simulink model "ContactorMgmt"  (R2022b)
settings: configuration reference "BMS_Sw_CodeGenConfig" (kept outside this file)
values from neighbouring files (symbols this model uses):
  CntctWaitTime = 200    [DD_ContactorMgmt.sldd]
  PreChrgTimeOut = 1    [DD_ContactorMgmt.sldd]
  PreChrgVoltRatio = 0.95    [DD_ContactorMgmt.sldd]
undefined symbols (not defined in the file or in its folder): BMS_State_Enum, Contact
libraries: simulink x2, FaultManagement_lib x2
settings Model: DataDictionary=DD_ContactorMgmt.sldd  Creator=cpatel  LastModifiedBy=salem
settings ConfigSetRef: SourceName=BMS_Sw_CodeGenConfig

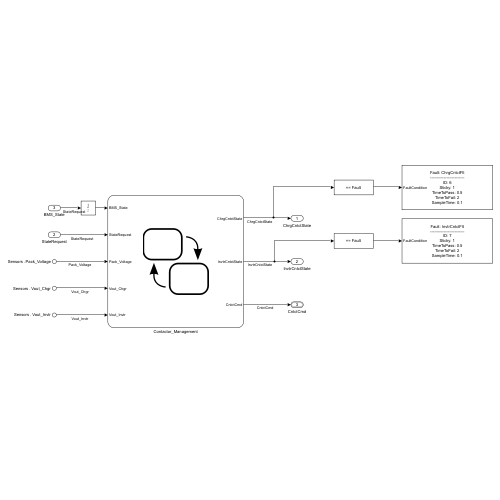
[thumbnail: Simulink's stored preview of the top-level diagram]
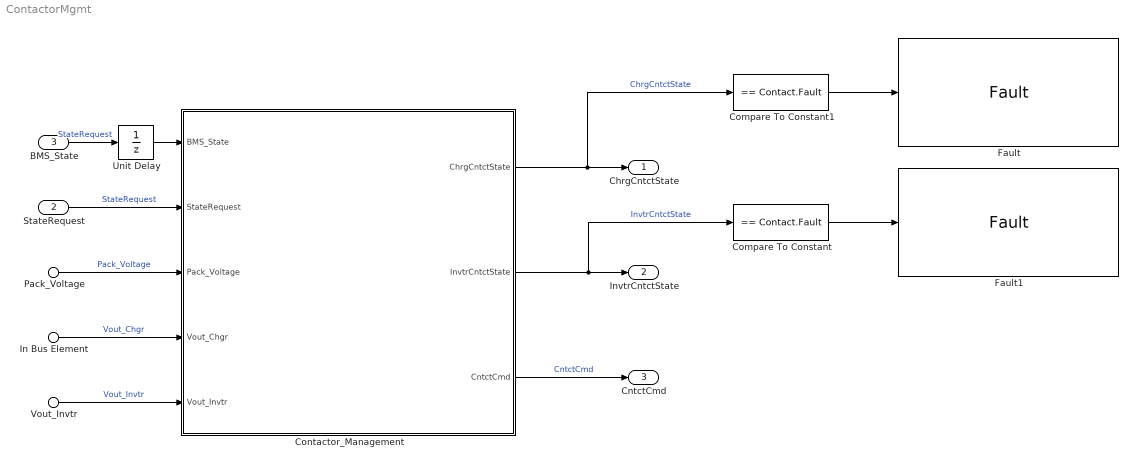
== system ContactorMgmt ==
  Pack_Voltage : Inport  PortName=Sensors  Element=Pack_Voltage
  In Bus Element : Inport  PortName=Sensors  Element=Vout_Chgr
  Vout_Invtr : Inport  PortName=Sensors  Element=Vout_Invtr
  StateRequest : Inport  Port=2  OutDataTypeStr=Enum: SRE  PortDimensions=1  SampleTime=[0.10000000000000001,0]
  BMS_State : Inport  Port=3  OutDataTypeStr=Enum: BMS_State_Enum  PortDimensions=1  SampleTime=[0.10000000000000001,0]
  Compare To Constant : simulink/Logic and Bit Operations/Compare To Constant  relop===  const=Contact.Fault  OutDataTypeStr=boolean
  Compare To Constant1 : simulink/Logic and Bit Operations/Compare To Constant  relop===  const=Contact.Fault  OutDataTypeStr=boolean
  Contactor_Management : Stateflow chart  TreatAsAtomicUnit=on  VariantControl=(default)
  Fault : FaultManagement_lib/Fault  FaultName=ChrgCntctFlt  ID=6  Enable=1  Sticky=1  TimeToFail=0.5  TimeToPass=2  SampleTime=0.1
  Fault1 : FaultManagement_lib/Fault  FaultName=InvtrCntctFlt  ID=7  Enable=1  Sticky=1  TimeToFail=0.5  TimeToPass=2  SampleTime=0.1
  Unit Delay : UnitDelay  InitialCondition=BMS_State_Enum.BMS_Standby  SampleTime=-1  HasFrameUpgradeWarning=on
  ChrgCntctState : Outport
  InvtrCntctState : Outport  Port=2
  CntctCmd : Outport  Port=3  OutDataTypeStr=Bus: CntctCmd  BusOutputAsStruct=on
  wires:
  In Bus Element/1 -> Contactor_Management/4(Vout_Chgr)  "Vout_Chgr"
  StateRequest/1 -> Contactor_Management/2(StateRequest)  "StateRequest"
  Pack_Voltage/1 -> Contactor_Management/3(Pack_Voltage)  "Pack_Voltage"
  Vout_Invtr/1 -> Contactor_Management/5(Vout_Invtr)  "Vout_Invtr"
  BMS_State/1 -> Unit Delay/1  "StateRequest"
  Contactor_Management/3(CntctCmd) -> CntctCmd/1  "CntctCmd"
  Contactor_Management/2(InvtrCntctState) -> Compare To Constant/1, InvtrCntctState/1  "InvtrCntctState"
  Contactor_Management/1(ChrgCntctState) -> Compare To Constant1/1, ChrgCntctState/1  "ChrgCntctState"
  Compare To Constant/1 -> Fault1/1
  Compare To Constant1/1 -> Fault/1
  Unit Delay/1 -> Contactor_Management/1(BMS_State)

== stateflow chart ContactorMgmt/Contactor_Management ==
  state ChrgCntctSt [parallel]
    settings: executionOrder=1
    state CloseChgrCntct
      state CloseNegCntct
        CntctCmd.NegCntctChgrCmd = true;
      state PreChrgFlt
        ChrgCntctState = Contact.Fault;
      state ClosePreChrgRly
        CntctCmd.PreChrgRelayChgrCmd = true;
      state ClosePosCntct
        CntctCmd.PosCntctChgrCmd = true;
      state OpenPreChrgRly
        CntctCmd.PreChrgRelayChgrCmd = false;
        ChrgCntctState = Contact.Close;
      (default) -> ChrgCntctSt.CloseChgrCntct.CloseNegCntct : {ChrgCntctState = Contact.Init;}
      ChrgCntctSt.CloseChgrCntct.CloseNegCntct -> ChrgCntctSt.CloseChgrCntct.ClosePreChrgRly : after(CntctWaitTime,msec)
      ChrgCntctSt.CloseChgrCntct.ClosePreChrgRly -> ChrgCntctSt.CloseChgrCntct.PreChrgFlt [order 1] : after(PreChrgTimeOut,sec)
          | % Check timeout
      ChrgCntctSt.CloseChgrCntct.ClosePreChrgRly -> ChrgCntctSt.CloseChgrCntct.ClosePosCntct [order 2] : [Vout_Chgr/Pack_Voltage >=PreChrgVoltRatio]
      ChrgCntctSt.CloseChgrCntct.ClosePosCntct -> ChrgCntctSt.CloseChgrCntct.OpenPreChrgRly : after(CntctWaitTime,msec)
    state OpenChgrCntct
      state ClosePreChrgRly
        CntctCmd.PreChrgRelayChgrCmd = true;
      state OpenPosCntct
        CntctCmd.PosCntctChgrCmd = false;
      state OpenPreChrgRly
        CntctCmd.PreChrgRelayChgrCmd = false;
      state OpenNegCntct
        CntctCmd.NegCntctChgrCmd = false;
        ChrgCntctState = Contact.Open;
      (default) -> ChrgCntctSt.OpenChgrCntct.ClosePreChrgRly : {ChrgCntctState = Contact.Init;}
      ChrgCntctSt.OpenChgrCntct.ClosePreChrgRly -> ChrgCntctSt.OpenChgrCntct.OpenPosCntct : after(CntctWaitTime,msec)
          | % Check for low current
      ChrgCntctSt.OpenChgrCntct.OpenPosCntct -> ChrgCntctSt.OpenChgrCntct.OpenPreChrgRly : after(CntctWaitTime,msec)
      ChrgCntctSt.OpenChgrCntct.OpenPreChrgRly -> ChrgCntctSt.OpenChgrCntct.OpenNegCntct : after(CntctWaitTime,msec)
    (default) -> OpenChgrCntct : {ChrgCntctState = Contact.Init;}
    CloseChgrCntct -> OpenChgrCntct : [StateRequest ~= SRE.Charging || ...
        | BMS_State == BMS_State_Enum.BMS_Fault]
    OpenChgrCntct -> CloseChgrCntct : [StateRequest == SRE.Charging && ...
        | InvtrCntctState == Contact.Open && ...
        | BMS_State ~= BMS_State_Enum.BMS_Fault]
  state InvtrCntctSt [parallel]
    settings: executionOrder=2
    state OpenInvtrCntct
      state ClosePreChrgRly
        CntctCmd.PreChrgRelayInvtrCmd = true;
      state OpenPosCntct
        CntctCmd.PosCntctInvtrCmd = false;
      state OpenPreChrgRly
        CntctCmd.PreChrgRelayInvtrCmd = false;
      state OpenNegCntct
        CntctCmd.NegCntctInvtrCmd = false;
        InvtrCntctState = Contact.Open;
      (default) -> InvtrCntctSt.OpenInvtrCntct.ClosePreChrgRly : {InvtrCntctState = Contact.Init;}
      InvtrCntctSt.OpenInvtrCntct.ClosePreChrgRly -> InvtrCntctSt.OpenInvtrCntct.OpenPosCntct : after(CntctWaitTime,msec)
          | % Check for low current
      InvtrCntctSt.OpenInvtrCntct.OpenPosCntct -> InvtrCntctSt.OpenInvtrCntct.OpenPreChrgRly : after(CntctWaitTime,msec)
      InvtrCntctSt.OpenInvtrCntct.OpenPreChrgRly -> InvtrCntctSt.OpenInvtrCntct.OpenNegCntct : after(CntctWaitTime,msec)
    state CloseInvtrCntct
      state CloseNegCntct
        CntctCmd.NegCntctInvtrCmd = true;
      state ClosePreChrgRly
        CntctCmd.PreChrgRelayInvtrCmd = true;
      state PreChrgFlt
        InvtrCntctState = Contact.Fault;
      state ClosePosCntct
        CntctCmd.PosCntctInvtrCmd = true;
      state OpenPreChrgRly
        CntctCmd.PreChrgRelayInvtrCmd = false;
        InvtrCntctState = Contact.Close;
      (default) -> InvtrCntctSt.CloseInvtrCntct.CloseNegCntct : {InvtrCntctState = Contact.Init;}
      InvtrCntctSt.CloseInvtrCntct.CloseNegCntct -> InvtrCntctSt.CloseInvtrCntct.ClosePreChrgRly : after(CntctWaitTime,msec)
      InvtrCntctSt.CloseInvtrCntct.ClosePreChrgRly -> InvtrCntctSt.CloseInvtrCntct.PreChrgFlt [order 1] : after(PreChrgTimeOut,sec)
          | % Check timeout
      InvtrCntctSt.CloseInvtrCntct.ClosePreChrgRly -> InvtrCntctSt.CloseInvtrCntct.ClosePosCntct [order 2] : [Vout_Invtr/Pack_Voltage >=PreChrgVoltRatio]
      InvtrCntctSt.CloseInvtrCntct.ClosePosCntct -> InvtrCntctSt.CloseInvtrCntct.OpenPreChrgRly : after(CntctWaitTime,msec)
    (default) -> OpenInvtrCntct : {InvtrCntctState =Contact.Init;}
    CloseInvtrCntct -> OpenInvtrCntct : [StateRequest ~= SRE.Driving || ...
        | BMS_State == BMS_State_Enum.BMS_Fault]
    OpenInvtrCntct -> CloseInvtrCntct : [StateRequest == SRE.Driving && ...
        | ChrgCntctState == Contact.Open && ...
        | BMS_State ~= BMS_State_Enum.BMS_Fault]
  data: BMS_State input; StateRequest input Enum: SRE; Pack_Voltage input single; Vout_Chgr input single; Vout_Invtr input single; CntctWaitTime parameter uint16; PreChrgTimeOut parameter uint8; PreChrgVoltRatio parameter single; ChrgCntctState output Enum: Contact; InvtrCntctState output Enum: Contact; CntctCmd output Bus: CntctCmd

^^^^^^^^^^^^^^^^

• Task objective:
Keep the pictures out and repeat exactly the lines from the beginning of the data through the line that contains "ChrgCntctState : Outport", both ends included.

• Exercise output:
simulink model "ContactorMgmt"  (R2022b)
settings: configuration reference "BMS_Sw_CodeGenConfig" (kept outside this file)
values from neighbouring files (symbols this model uses):
  CntctWaitTime = 200    [DD_ContactorMgmt.sldd]
  PreChrgTimeOut = 1    [DD_ContactorMgmt.sldd]
  PreChrgVoltRatio = 0.95    [DD_ContactorMgmt.sldd]
undefined symbols (not defined in the file or in its folder): BMS_State_Enum, Contact
libraries: simulink x2, FaultManagement_lib x2
settings Model: DataDictionary=DD_ContactorMgmt.sldd  Creator=cpatel  LastModifiedBy=salem
settings ConfigSetRef: SourceName=BMS_Sw_CodeGenConfig

[thumbnail: Simulink's stored preview of the top-level diagram]
== system ContactorMgmt ==
  Pack_Voltage : Inport  PortName=Sensors  Element=Pack_Voltage
  In Bus Element : Inport  PortName=Sensors  Element=Vout_Chgr
  Vout_Invtr : Inport  PortName=Sensors  Element=Vout_Invtr
  StateRequest : Inport  Port=2  OutDataTypeStr=Enum: SRE  PortDimensions=1  SampleTime=[0.10000000000000001,0]
  BMS_State : Inport  Port=3  OutDataTypeStr=Enum: BMS_State_Enum  PortDimensions=1  SampleTime=[0.10000000000000001,0]
  Compare To Constant : simulink/Logic and Bit Operations/Compare To Constant  relop===  const=Contact.Fault  OutDataTypeStr=boolean
  Compare To Constant1 : simulink/Logic and Bit Operations/Compare To Constant  relop===  const=Contact.Fault  OutDataTypeStr=boolean
  Contactor_Management : Stateflow chart  TreatAsAtomicUnit=on  VariantControl=(default)
  Fault : FaultManagement_lib/Fault  FaultName=ChrgCntctFlt  ID=6  Enable=1  Sticky=1  TimeToFail=0.5  TimeToPass=2  SampleTime=0.1
  Fault1 : FaultManagement_lib/Fault  FaultName=InvtrCntctFlt  ID=7  Enable=1  Sticky=1  TimeToFail=0.5  TimeToPass=2  SampleTime=0.1
  Unit Delay : UnitDelay  InitialCondition=BMS_State_Enum.BMS_Standby  SampleTime=-1  HasFrameUpgradeWarning=on
  ChrgCntctState : Outport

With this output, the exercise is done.